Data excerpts
------------------------------
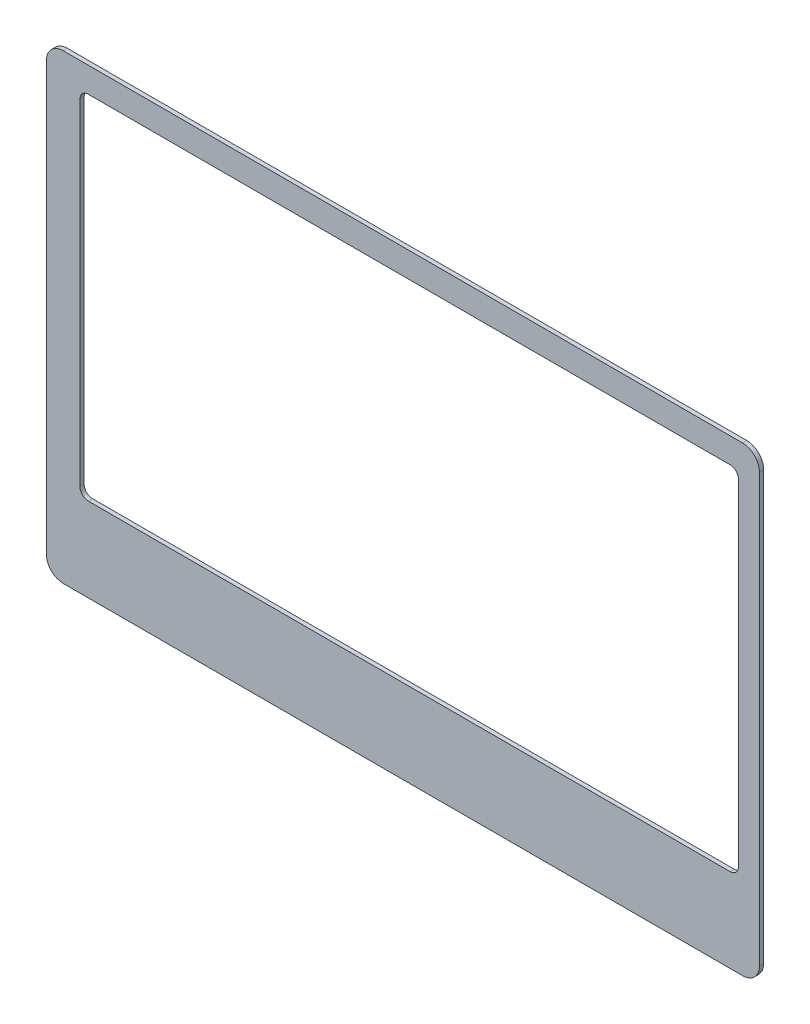
ISO-10303-21;
HEADER;
FILE_DESCRIPTION(('STEP AP214'),'2;1');
FILE_NAME('part.step','',(''),(''),'','','');
FILE_SCHEMA(('AUTOMOTIVE_DESIGN { 1 0 10303 214 1 1 1 1 }'));
ENDSEC;
DATA;
#1=APPLICATION_CONTEXT('core data for automotive mechanical design processes');
#2=APPLICATION_PROTOCOL_DEFINITION('international standard','automotive_design',2000,#1);
#3=PRODUCT_CONTEXT('',#1,'mechanical');
#4=PRODUCT('Part','Part','',(#3));
#5=PRODUCT_RELATED_PRODUCT_CATEGORY('part','',(#4));
#6=PRODUCT_DEFINITION_FORMATION('','',#4);
#7=PRODUCT_DEFINITION_CONTEXT('part definition',#1,'design');
#8=PRODUCT_DEFINITION('design','',#6,#7);
#9=PRODUCT_DEFINITION_SHAPE('','',#8);
#10=(LENGTH_UNIT() NAMED_UNIT(*) SI_UNIT(.MILLI.,.METRE.));
#11=(NAMED_UNIT(*) PLANE_ANGLE_UNIT() SI_UNIT($,.RADIAN.));
#12=(NAMED_UNIT(*) SI_UNIT($,.STERADIAN.) SOLID_ANGLE_UNIT());
#13=UNCERTAINTY_MEASURE_WITH_UNIT(LENGTH_MEASURE(1.E-05),#10,'distance_accuracy_value','');
#14=(GEOMETRIC_REPRESENTATION_CONTEXT(3) GLOBAL_UNCERTAINTY_ASSIGNED_CONTEXT((#13)) GLOBAL_UNIT_ASSIGNED_CONTEXT((#10,
#11,#12)) REPRESENTATION_CONTEXT('',''));
#15=CARTESIAN_POINT('',(0.,0.,0.));
#16=DIRECTION('',(0.,0.,1.));
#17=DIRECTION('',(1.,0.,0.));
#18=AXIS2_PLACEMENT_3D('',#15,#16,#17);
#19=CARTESIAN_POINT('',(42.5,27.5,0.5));
#20=DIRECTION('',(-1.,0.,0.));
#21=DIRECTION('',(0.,0.,1.));
#22=AXIS2_PLACEMENT_3D('',#19,#20,#21);
#23=PLANE('',#22);
#24=DIRECTION('',(0.,1.,0.));
#25=VECTOR('',#24,1.);
#26=CARTESIAN_POINT('',(42.5,27.5,0.5));
#27=LINE('',#26,#25);
#28=CARTESIAN_POINT('',(42.5,-25.5,0.5));
#29=VERTEX_POINT('',#28);
#30=CARTESIAN_POINT('',(42.5,25.5,0.5));
#31=VERTEX_POINT('',#30);
#32=EDGE_CURVE('E245',#29,#31,#27,.T.);
#33=ORIENTED_EDGE('',*,*,#32,.F.);
#34=DIRECTION('',(0.,0.,-1.));
#35=VECTOR('',#34,1.);
#36=CARTESIAN_POINT('',(42.5,-25.5,0.5));
#37=LINE('',#36,#35);
#38=CARTESIAN_POINT('',(42.5,-25.5,0.));
#39=VERTEX_POINT('',#38);
#40=EDGE_CURVE('E276',#29,#39,#37,.T.);
#41=ORIENTED_EDGE('',*,*,#40,.T.);
#42=DIRECTION('',(0.,1.,0.));
#43=VECTOR('',#42,1.);
#44=CARTESIAN_POINT('',(42.5,27.5,0.));
#45=LINE('',#44,#43);
#46=CARTESIAN_POINT('',(42.5,25.5,0.));
#47=VERTEX_POINT('',#46);
#48=EDGE_CURVE('E183',#39,#47,#45,.T.);
#49=ORIENTED_EDGE('',*,*,#48,.T.);
#50=DIRECTION('',(0.,0.,-1.));
#51=VECTOR('',#50,1.);
#52=CARTESIAN_POINT('',(42.5,25.5,0.5));
#53=LINE('',#52,#51);
#54=EDGE_CURVE('E260',#47,#31,#53,.F.);
#55=ORIENTED_EDGE('',*,*,#54,.T.);
#56=EDGE_LOOP('',(#33,#41,#49,#55));
#57=FACE_BOUND('',#56,.T.);
#58=ADVANCED_FACE('F45',(#57),#23,.F.);
#59=CARTESIAN_POINT('',(-42.5,27.5,0.5));
#60=DIRECTION('',(0.,-1.,0.));
#61=DIRECTION('',(0.,0.,-1.));
#62=AXIS2_PLACEMENT_3D('',#59,#60,#61);
#63=PLANE('',#62);
#64=DIRECTION('',(-1.,0.,0.));
#65=VECTOR('',#64,1.);
#66=CARTESIAN_POINT('',(-42.5,27.5,0.5));
#67=LINE('',#66,#65);
#68=CARTESIAN_POINT('',(40.5,27.5,0.5));
#69=VERTEX_POINT('',#68);
#70=CARTESIAN_POINT('',(-40.5,27.5,0.5));
#71=VERTEX_POINT('',#70);
#72=EDGE_CURVE('E249',#69,#71,#67,.T.);
#73=ORIENTED_EDGE('',*,*,#72,.F.);
#74=DIRECTION('',(0.,0.,-1.));
#75=VECTOR('',#74,1.);
#76=CARTESIAN_POINT('',(40.5,27.5,0.5));
#77=LINE('',#76,#75);
#78=CARTESIAN_POINT('',(40.5,27.5,0.));
#79=VERTEX_POINT('',#78);
#80=EDGE_CURVE('E11',#69,#79,#77,.T.);
#81=ORIENTED_EDGE('',*,*,#80,.T.);
#82=DIRECTION('',(-1.,0.,0.));
#83=VECTOR('',#82,1.);
#84=CARTESIAN_POINT('',(-42.5,27.5,0.));
#85=LINE('',#84,#83);
#86=CARTESIAN_POINT('',(-40.5,27.5,0.));
#87=VERTEX_POINT('',#86);
#88=EDGE_CURVE('E264',#79,#87,#85,.T.);
#89=ORIENTED_EDGE('',*,*,#88,.T.);
#90=DIRECTION('',(0.,0.,-1.));
#91=VECTOR('',#90,1.);
#92=CARTESIAN_POINT('',(-40.5,27.5,0.5));
#93=LINE('',#92,#91);
#94=EDGE_CURVE('E54',#87,#71,#93,.F.);
#95=ORIENTED_EDGE('',*,*,#94,.T.);
#96=EDGE_LOOP('',(#73,#81,#89,#95));
#97=FACE_BOUND('',#96,.T.);
#98=ADVANCED_FACE('F319',(#97),#63,.F.);
#99=CARTESIAN_POINT('',(-42.5,27.5,0.5));
#100=DIRECTION('',(1.,0.,0.));
#101=DIRECTION('',(0.,1.,0.));
#102=AXIS2_PLACEMENT_3D('',#99,#100,#101);
#103=PLANE('',#102);
#104=DIRECTION('',(0.,-1.,0.));
#105=VECTOR('',#104,1.);
#106=CARTESIAN_POINT('',(-42.5,27.5,0.));
#107=LINE('',#106,#105);
#108=CARTESIAN_POINT('',(-42.5,25.5,0.));
#109=VERTEX_POINT('',#108);
#110=CARTESIAN_POINT('',(-42.5,-25.5,0.));
#111=VERTEX_POINT('',#110);
#112=EDGE_CURVE('E268',#109,#111,#107,.T.);
#113=ORIENTED_EDGE('',*,*,#112,.T.);
#114=DIRECTION('',(0.,0.,-1.));
#115=VECTOR('',#114,1.);
#116=CARTESIAN_POINT('',(-42.5,-25.5,0.5));
#117=LINE('',#116,#115);
#118=CARTESIAN_POINT('',(-42.5,-25.5,0.5));
#119=VERTEX_POINT('',#118);
#120=EDGE_CURVE('E61',#111,#119,#117,.F.);
#121=ORIENTED_EDGE('',*,*,#120,.T.);
#122=DIRECTION('',(0.,-1.,0.));
#123=VECTOR('',#122,1.);
#124=CARTESIAN_POINT('',(-42.5,27.5,0.5));
#125=LINE('',#124,#123);
#126=CARTESIAN_POINT('',(-42.5,25.5,0.5));
#127=VERTEX_POINT('',#126);
#128=EDGE_CURVE('E253',#127,#119,#125,.T.);
#129=ORIENTED_EDGE('',*,*,#128,.F.);
#130=DIRECTION('',(0.,0.,-1.));
#131=VECTOR('',#130,1.);
#132=CARTESIAN_POINT('',(-42.5,25.5,0.5));
#133=LINE('',#132,#131);
#134=EDGE_CURVE('E310',#127,#109,#133,.T.);
#135=ORIENTED_EDGE('',*,*,#134,.T.);
#136=EDGE_LOOP('',(#113,#121,#129,#135));
#137=FACE_BOUND('',#136,.T.);
#138=ADVANCED_FACE('F327',(#137),#103,.F.);
#139=CARTESIAN_POINT('',(-42.5,-27.5,0.5));
#140=DIRECTION('',(0.,1.,0.));
#141=DIRECTION('',(0.,0.,1.));
#142=AXIS2_PLACEMENT_3D('',#139,#140,#141);
#143=PLANE('',#142);
#144=DIRECTION('',(1.,0.,0.));
#145=VECTOR('',#144,1.);
#146=CARTESIAN_POINT('',(-42.5,-27.5,0.));
#147=LINE('',#146,#145);
#148=CARTESIAN_POINT('',(-40.5,-27.5,0.));
#149=VERTEX_POINT('',#148);
#150=CARTESIAN_POINT('',(40.5,-27.5,0.));
#151=VERTEX_POINT('',#150);
#152=EDGE_CURVE('E250',#149,#151,#147,.T.);
#153=ORIENTED_EDGE('',*,*,#152,.T.);
#154=DIRECTION('',(0.,0.,-1.));
#155=VECTOR('',#154,1.);
#156=CARTESIAN_POINT('',(40.5,-27.5,0.5));
#157=LINE('',#156,#155);
#158=CARTESIAN_POINT('',(40.5,-27.5,0.5));
#159=VERTEX_POINT('',#158);
#160=EDGE_CURVE('E296',#151,#159,#157,.F.);
#161=ORIENTED_EDGE('',*,*,#160,.T.);
#162=DIRECTION('',(1.,0.,0.));
#163=VECTOR('',#162,1.);
#164=CARTESIAN_POINT('',(-42.5,-27.5,0.5));
#165=LINE('',#164,#163);
#166=CARTESIAN_POINT('',(-40.5,-27.5,0.5));
#167=VERTEX_POINT('',#166);
#168=EDGE_CURVE('E256',#167,#159,#165,.T.);
#169=ORIENTED_EDGE('',*,*,#168,.F.);
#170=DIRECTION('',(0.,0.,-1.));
------------------------------
▶ [ABOUT THIS TASK]: What are the lines above, starting at the one with "#121=ORIENTED_EDGE('',*,*,#120,.T.);" and ending at the one with "#129=ORIENTED_EDGE('',*,*,#128,.F.);"? Give them again exactly, and only them.

▶ [ANSWER FOR THIS EXERCISE]:
#121=ORIENTED_EDGE('',*,*,#120,.T.);
#122=DIRECTION('',(0.,-1.,0.));
#123=VECTOR('',#122,1.);
#124=CARTESIAN_POINT('',(-42.5,27.5,0.5));
#125=LINE('',#124,#123);
#126=CARTESIAN_POINT('',(-42.5,25.5,0.5));
#127=VERTEX_POINT('',#126);
#128=EDGE_CURVE('E253',#127,#119,#125,.T.);
#129=ORIENTED_EDGE('',*,*,#128,.F.);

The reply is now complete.